229.02 - 234.51
169.21 - 260.10
55.82M / 54.92M (Avg.)
32.24 | 7.26
Shows the trajectory of a company's cash-generation capacity. Consistent growth in operating and free cash flow suggests a robust, self-funding business model—crucial for value investors seeking undervalued, cash-rich opportunities.
-20.96%
Negative net income growth while SONO stands at 26.53%. Joel Greenblatt would see a comparative disadvantage in bottom-line performance.
0.94%
Less D&A growth vs. SONO's 13.77%, reducing the hit to reported earnings.
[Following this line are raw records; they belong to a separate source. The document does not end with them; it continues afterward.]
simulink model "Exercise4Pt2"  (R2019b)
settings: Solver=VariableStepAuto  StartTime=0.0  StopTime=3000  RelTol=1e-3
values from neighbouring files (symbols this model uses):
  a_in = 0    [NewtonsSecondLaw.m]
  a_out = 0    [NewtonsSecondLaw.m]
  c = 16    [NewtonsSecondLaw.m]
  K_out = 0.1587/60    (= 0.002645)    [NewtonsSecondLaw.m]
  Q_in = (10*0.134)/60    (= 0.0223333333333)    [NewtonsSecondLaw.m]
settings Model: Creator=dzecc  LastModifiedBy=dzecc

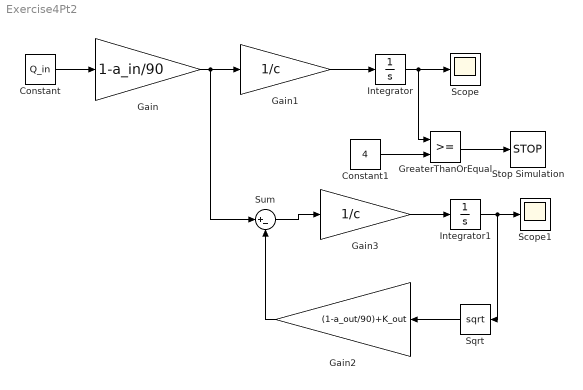
== system Exercise4Pt2 ==
  Constant : Constant  Value=Q_in  VectorParams1D=off
  Constant1 : Constant  Value=4
  Gain : Gain  Gain=1-a_in/90
  Gain1 : Gain  Gain=1/c
  Gain2 : Gain  Gain=(1-a_out/90)+K_out
  Gain3 : Gain  Gain=1/c
  GreaterThanOrEqual : RelationalOperator  OutDataTypeStr=boolean  RndMeth=Simplest
  Integrator : Integrator
  Integrator1 : Integrator
  Scope : Scope
  Scope1 : Scope
  Sqrt : Sqrt  SaturateOnIntegerOverflow=on
  Stop Simulation : Stop
  Sum : Sum  Inputs=|+-
  wires:
  Constant/1 -> Gain/1
  Gain/1 -> Sum/1, Gain1/1
  Gain1/1 -> Integrator/1
  Integrator/1 -> GreaterThanOrEqual/1, Scope/1
  GreaterThanOrEqual/1 -> Stop Simulation/1
  Constant1/1 -> GreaterThanOrEqual/2
  Sum/1 -> Gain3/1
  Gain3/1 -> Integrator1/1
  Integrator1/1 -> Sqrt/1, Scope1/1
  Sqrt/1 -> Gain2/1
  Gain2/1 -> Sum/2

David Dodd would confirm that core assets remain sufficient.
41.75%
Deferred tax of 41.75% while SONO is zero at 0.00%. Bruce Berkowitz would see a partial difference that can matter for future cash flow if large in magnitude.
-1.97%
Negative yoy SBC while SONO is 9.81%. Joel Greenblatt would see less immediate dilution advantage if talent levels remain strong.
-62.68%
Both reduce yoy usage, with SONO at -197.07%. Martin Whitman would find an industry or cyclical factor prompting leaner operational approaches.
-132.26%
Both yoy AR lines negative, with SONO at -143.22%. Martin Whitman would suspect an overall sector lean approach or softer demand.
-19.19%
Negative yoy inventory while SONO is 86.66%. Joel Greenblatt would see a near-term cash advantage if top-line doesn't suffer.
117.70%
AP growth of 117.70% while SONO is zero at 0.00%. Bruce Berkowitz would see a moderate difference that might matter for short-term liquidity if expansions are large.
25.10%
Some yoy usage while SONO is negative at -87.63%. John Neff would see competitor possibly generating more free cash from minor accounts than we do.
3.08%
Lower 'other non-cash' growth vs. SONO's 93.14%, indicating steadier reported figures. David Dodd would confirm no missed necessary write-downs or gains.
-31.01%
Negative yoy CFO while SONO is 9.80%. Joel Greenblatt would see a disadvantage in operational cash generation vs. competitor.
21.72%
Some CapEx rise while SONO is negative at -60.58%. John Neff would see competitor possibly building capacity while we hold back expansions.
-262.00%
Negative yoy acquisition while SONO stands at 0.00%. Joel Greenblatt sees potential short-term cash advantage unless competitor’s deals yield big synergy.
46.93%
Purchases growth of 46.93% while SONO is zero at 0.00%. Bruce Berkowitz sees a mild difference in portfolio building that might matter for returns.
-31.75%
We reduce yoy sales while SONO is 0.00%. Joel Greenblatt sees competitor possibly capitalizing on market peaks or forced to raise cash while we hold tight.
21.28%
Growth of 21.28% while SONO is zero at 0.00%. Bruce Berkowitz sees a moderate difference requiring justification by ROI in these smaller invests.
77.61%
We have mild expansions while SONO is negative at -60.58%. John Neff sees competitor possibly divesting or pausing expansions more aggressively.
No Data
No Data available this quarter, please select a different quarter.
-99.63%
Negative yoy issuance while SONO is 0.00%. Joel Greenblatt sees a near-term advantage in avoiding dilution unless competitor invests more effectively with the new shares.
0.95%
Buyback growth of 0.95% while SONO is zero at 0.00%. Bruce Berkowitz sees a modest per-share advantage that might accumulate if the stock is below intrinsic value.